倪新华说:“没错,我小时候总在想孙悟空到底趴在哪一朵云上面。”
天越来越亮,惠芬抽回自己的手,望了一眼倪新华,依旧不动声色。
倪新华冲着大海,使劲伸了个懒腰,“生活太辛苦,所以我们才需要美食,晚上请你吃饭吧。”
“我应该去找刘彤了。”
“那明天吧。”
“我不确定,先见了刘彤再说。”
“一晚上没睡,都没好好聊聊天,一定要一起吃顿饭。我可能只能在这里留三天,所以你一定要答应我。二十五年才吃一顿饭呢。”他没有提刘彤,只是要和惠芬吃饭,也没有说送她去刘彤那里,惠芬有些晃神了。
刘彤家住在离海岸线很远的一个小区里,她说她不要住在海岸线边上,每天一站在窗前就是乌泱泱的游客。

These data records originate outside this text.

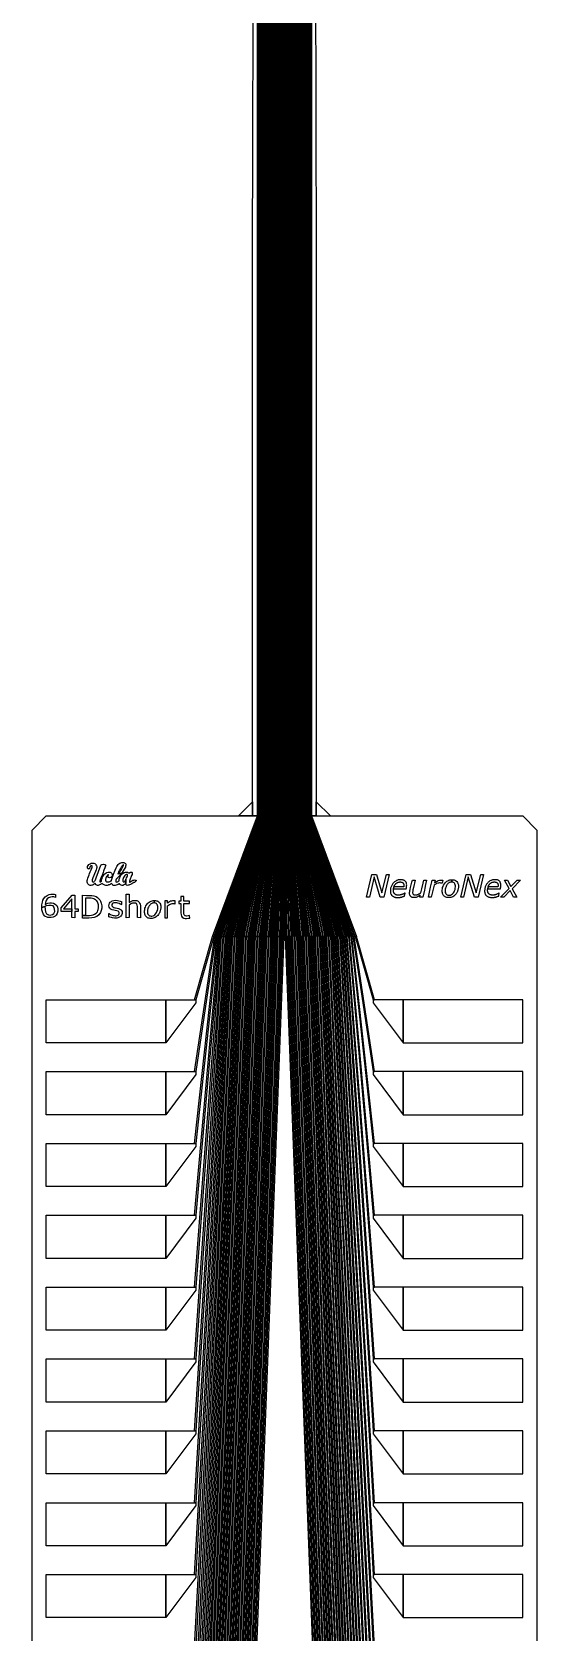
# Model space of a CAD drawing. Header units: inches. Extents: x 106592 to 209533, y 57057 to 74911.
# Drawn here: x 112245 to 112958, y 59554 to 61817 of the extents above; entities that cross this region are included whole.
import ezdxf

# ---------------------------------------------------------------- set-up
doc = ezdxf.new("R2010")
doc.units = ezdxf.units.IN
doc.header["$MEASUREMENT"] = 0
for name, color, linetype in [('metal', 221, 'Continuous'), ('nitride window', 40, 'Continuous'), ('profile', 140, 'Continuous')]:
    doc.layers.add(name, color=color, linetype=linetype)

msp = doc.modelspace()

# ---------------------------------------------------------------- linework, layer by layer
at = {"layer": 'metal'}
for points in [[(112563.4, 63018.1), (112564, 63018.1), (112564, 60708.1), (112563.4, 60708.1)], [(112564.6, 63018.1), (112565.2, 63018.1), (112565.2, 60708.1), (112564.6, 60708.1)], [(112565.8, 63018.1), (112566.4, 63018.1), (112566.4, 60708.1), (112565.8, 60708.1)], [(112567, 63018.1), (112567.6, 63018.1), (112567.6, 60708.1), (112567, 60708.1)], [(112568.2, 63018.1), (112568.8, 63018.1), (112568.8, 60708.1), (112568.2, 60708.1)], [(112569.4, 63018.1), (112570, 63018.1), (112570, 60708.1), (112569.4, 60708.1)], [(112570.6, 63018.1), (112571.2, 63018.1), (112571.2, 60708.1), (112570.6, 60708.1)], [(112571.8, 63018.1), (112572.4, 63018.1), (112572.4, 60708.1), (112571.8, 60708.1)], [(112573, 63018.1), (112573.6, 63018.1), (112573.6, 60708.1), (112573, 60708.1)], [(112574.2, 63018.1), (112574.8, 63018.1), (112574.8, 60708.1), (112574.2, 60708.1)], [(112575.4, 63018.1), (112576, 63018.1), (112576, 60708.1), (112575.4, 60708.1)], [(112576.6, 63018.1), (112577.2, 63018.1), (112577.2, 60708.1), (112576.6, 60708.1)], [(112577.8, 63018.1), (112578.4, 63018.1), (112578.4, 60708.1), (112577.8, 60708.1)], [(112579, 63018.1), (112579.6, 63018.1), (112579.6, 60708.1), (112579, 60708.1)], [(112580.2, 63018.1), (112580.8, 63018.1), (112580.8, 60708.1), (112580.2, 60708.1)], [(112581.4, 63018.1), (112582, 63018.1), (112582, 60708.1), (112581.4, 60708.1)], [(112582.6, 63018.1), (112583.2, 63018.1), (112583.2, 60708.1), (112582.6, 60708.1)], [(112583.8, 63018.1), (112584.4, 63018.1), (112584.4, 60708.1), (112583.8, 60708.1)], [(112585, 63018.1), (112585.6, 63018.1), (112585.6, 60708.1), (112585, 60708.1)], [(112586.2, 63018.1), (112586.8, 63018.1), (112586.8, 60708.1), (112586.2, 60708.1)], [(112587.4, 63018.1), (112588, 63018.1), (112588, 60708.1), (112587.4, 60708.1)], [(112588.6, 63018.1), (112589.2, 63018.1), (112589.2, 60708.1), (112588.6, 60708.1)], [(112589.8, 63018.1), (112590.4, 63018.1), (112590.4, 60708.1), (112589.8, 60708.1)], [(112591, 63018.1), (112591.6, 63018.1), (112591.6, 60708.1), (112591, 60708.1)], [(112592.2, 63018.1), (112592.8, 63018.1), (112592.8, 60708.1), (112592.2, 60708.1)], [(112593.4, 63018.1), (112594, 63018.1), (112594, 60708.1), (112593.4, 60708.1)], [(112594.6, 63018.1), (112595.2, 63018.1), (112595.2, 60708.1), (112594.6, 60708.1)], [(112595.8, 63018.1), (112596.4, 63018.1), (112596.4, 60708.1), (112595.8, 60708.1)], [(112597, 63018.1), (112597.6, 63018.1), (112597.6, 60708.1), (112597, 60708.1)], [(112598.2, 63018.1), (112598.8, 63018.1), (112598.8, 60708.1), (112598.2, 60708.1)], [(112599.4, 63018.1), (112600, 63018.1), (112600, 60708.1), (112599.4, 60708.1)], [(112600.6, 63018.1), (112601.2, 63018.1), (112601.2, 60708.1), (112600.6, 60708.1)], [(112601.8, 63018.1), (112602.4, 63018.1), (112602.4, 60708.1), (112601.8, 60708.1)], [(112603, 63018.1), (112603.6, 63018.1), (112603.6, 60708.1), (112603, 60708.1)], [(112604.2, 63018.1), (112604.8, 63018.1), (112604.8, 60708.1), (112604.2, 60708.1)], [(112605.4, 63018.1), (112606, 63018.1), (112606, 60708.1), (112605.4, 60708.1)], [(112606.6, 63018.1), (112607.2, 63018.1), (112607.2, 60708.1), (112606.6, 60708.1)], [(112607.8, 63018.1), (112608.4, 63018.1), (112608.4, 60708.1), (112607.8, 60708.1)], [(112609, 63018.1), (112609.6, 63018.1), (112609.6, 60708.1), (112609, 60708.1)], [(112610.2, 63018.1), (112610.8, 63018.1), (112610.8, 60708.1), (112610.2, 60708.1)], [(112611.4, 63018.1), (112612, 63018.1), (112612, 60708.1), (112611.4, 60708.1)], [(112612.6, 63018.1), (112613.2, 63018.1), (112613.2, 60708.1), (112612.6, 60708.1)], [(112613.8, 63018.1), (112614.4, 63018.1), (112614.4, 60708.1), (112613.8, 60708.1)], [(112615, 63018.1), (112615.6, 63018.1), (112615.6, 60708.1), (112615, 60708.1)], [(112616.2, 63018.1), (112616.8, 63018.1), (112616.8, 60708.1), (112616.2, 60708.1)], [(112617.4, 63018.1), (112618, 63018.1), (112618, 60708.1), (112617.4, 60708.1)], [(112618.6, 63018.1), (112619.2, 63018.1), (112619.2, 60708.1), (112618.6, 60708.1)], [(112619.8, 63018.1), (112620.4, 63018.1), (112620.4, 60708.1), (112619.8, 60708.1)], [(112621, 63018.1), (112621.6, 63018.1), (112621.6, 60708.1), (112621, 60708.1)], [(112622.2, 63018.1), (112622.8, 63018.1), (112622.8, 60708.1), (112622.2, 60708.1)], [(112623.4, 63018.1), (112624, 63018.1), (112624, 60708.1), (112623.4, 60708.1)], [(112624.6, 63018.1), (112625.2, 63018.1), (112625.2, 60708.1), (112624.6, 60708.1)], [(112625.8, 63018.1), (112626.4, 63018.1), (112626.4, 60708.1), (112625.8, 60708.1)], [(112627, 63018.1), (112627.6, 63018.1), (112627.6, 60708.1), (112627, 60708.1)], [(112628.2, 63018.1), (112628.8, 63018.1), (112628.8, 60708.1), (112628.2, 60708.1)], [(112629.4, 63018.1), (112630, 63018.1), (112630, 60708.1), (112629.4, 60708.1)], [(112630.6, 63018.1), (112631.2, 63018.1), (112631.2, 60708.1), (112630.6, 60708.1)], [(112631.8, 63018.1), (112632.4, 63018.1), (112632.4, 60708.1), (112631.8, 60708.1)], [(112633, 63018.1), (112633.6, 63018.1), (112633.6, 60708.1), (112633, 60708.1)], [(112634.2, 63018.1), (112634.8, 63018.1), (112634.8, 60708.1), (112634.2, 60708.1)], [(112635.4, 63018.1), (112636, 63018.1), (112636, 60708.1), (112635.4, 60708.1)], [(112636.6, 63018.1), (112637.2, 63018.1), (112637.2, 60708.1), (112636.6, 60708.1)], [(112637.8, 63018.1), (112638.4, 63018.1), (112638.4, 60708.1), (112637.8, 60708.1)], [(112639, 63018.1), (112639.6, 63018.1), (112639.6, 60708.1), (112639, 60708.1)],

“哎呀,你死哪里去了,想死我了。”电梯门,才一开,刘彤就扑了过来,她比去年见面又富态不少,满面红光,声音响亮。不等惠芬搭话,拉着她手就往家走。
“亲爱的,你怎么又吹了气似的。”惠芬笑她。
“对啊,你怎么还这么瘦,偷练了什么天山童姥的功夫,数十年如一日的。”
刘彤的先生曾经是他们大学里的中文系老师,那一段师生恋大概就是过了二十五年也还能在校友录大事记里能排入前三名吧。现在应该去上班了,俩人的孩子大学毕业后也搬到内地去生活了,家里只有她一人在,桌子上早已准备了好多小点心,摆在漂亮的小碟子里。
惠芬深深吸了一口气,笑着大叫:“榴莲!”
“专门等你来呢,昨天买的,我可一口都没吃。我老公快被臭死了,他说好像有人把屎拉在了屋里一样。”她的笑声很感染人。“怎么才来,我都快发寻人启事了。”
惠芬怀疑地看着她,“刘磊给你打电话了?”
“没有啊,怎么了?”
“哼。”惠芬轻嗔。
“哎,脱衣服!”刘彤一拍大腿,站起来。
“抽风啊你!”
“我这是温泉入户! 走,咱俩泡着聊,那大浴缸,我都没用过几次!”
三角大浴缸确实不错,她把准备的碟碟碗碗又都端进了浴室。惠芬一浸到水里,就觉着立刻被暖流包围了,“真是享受。”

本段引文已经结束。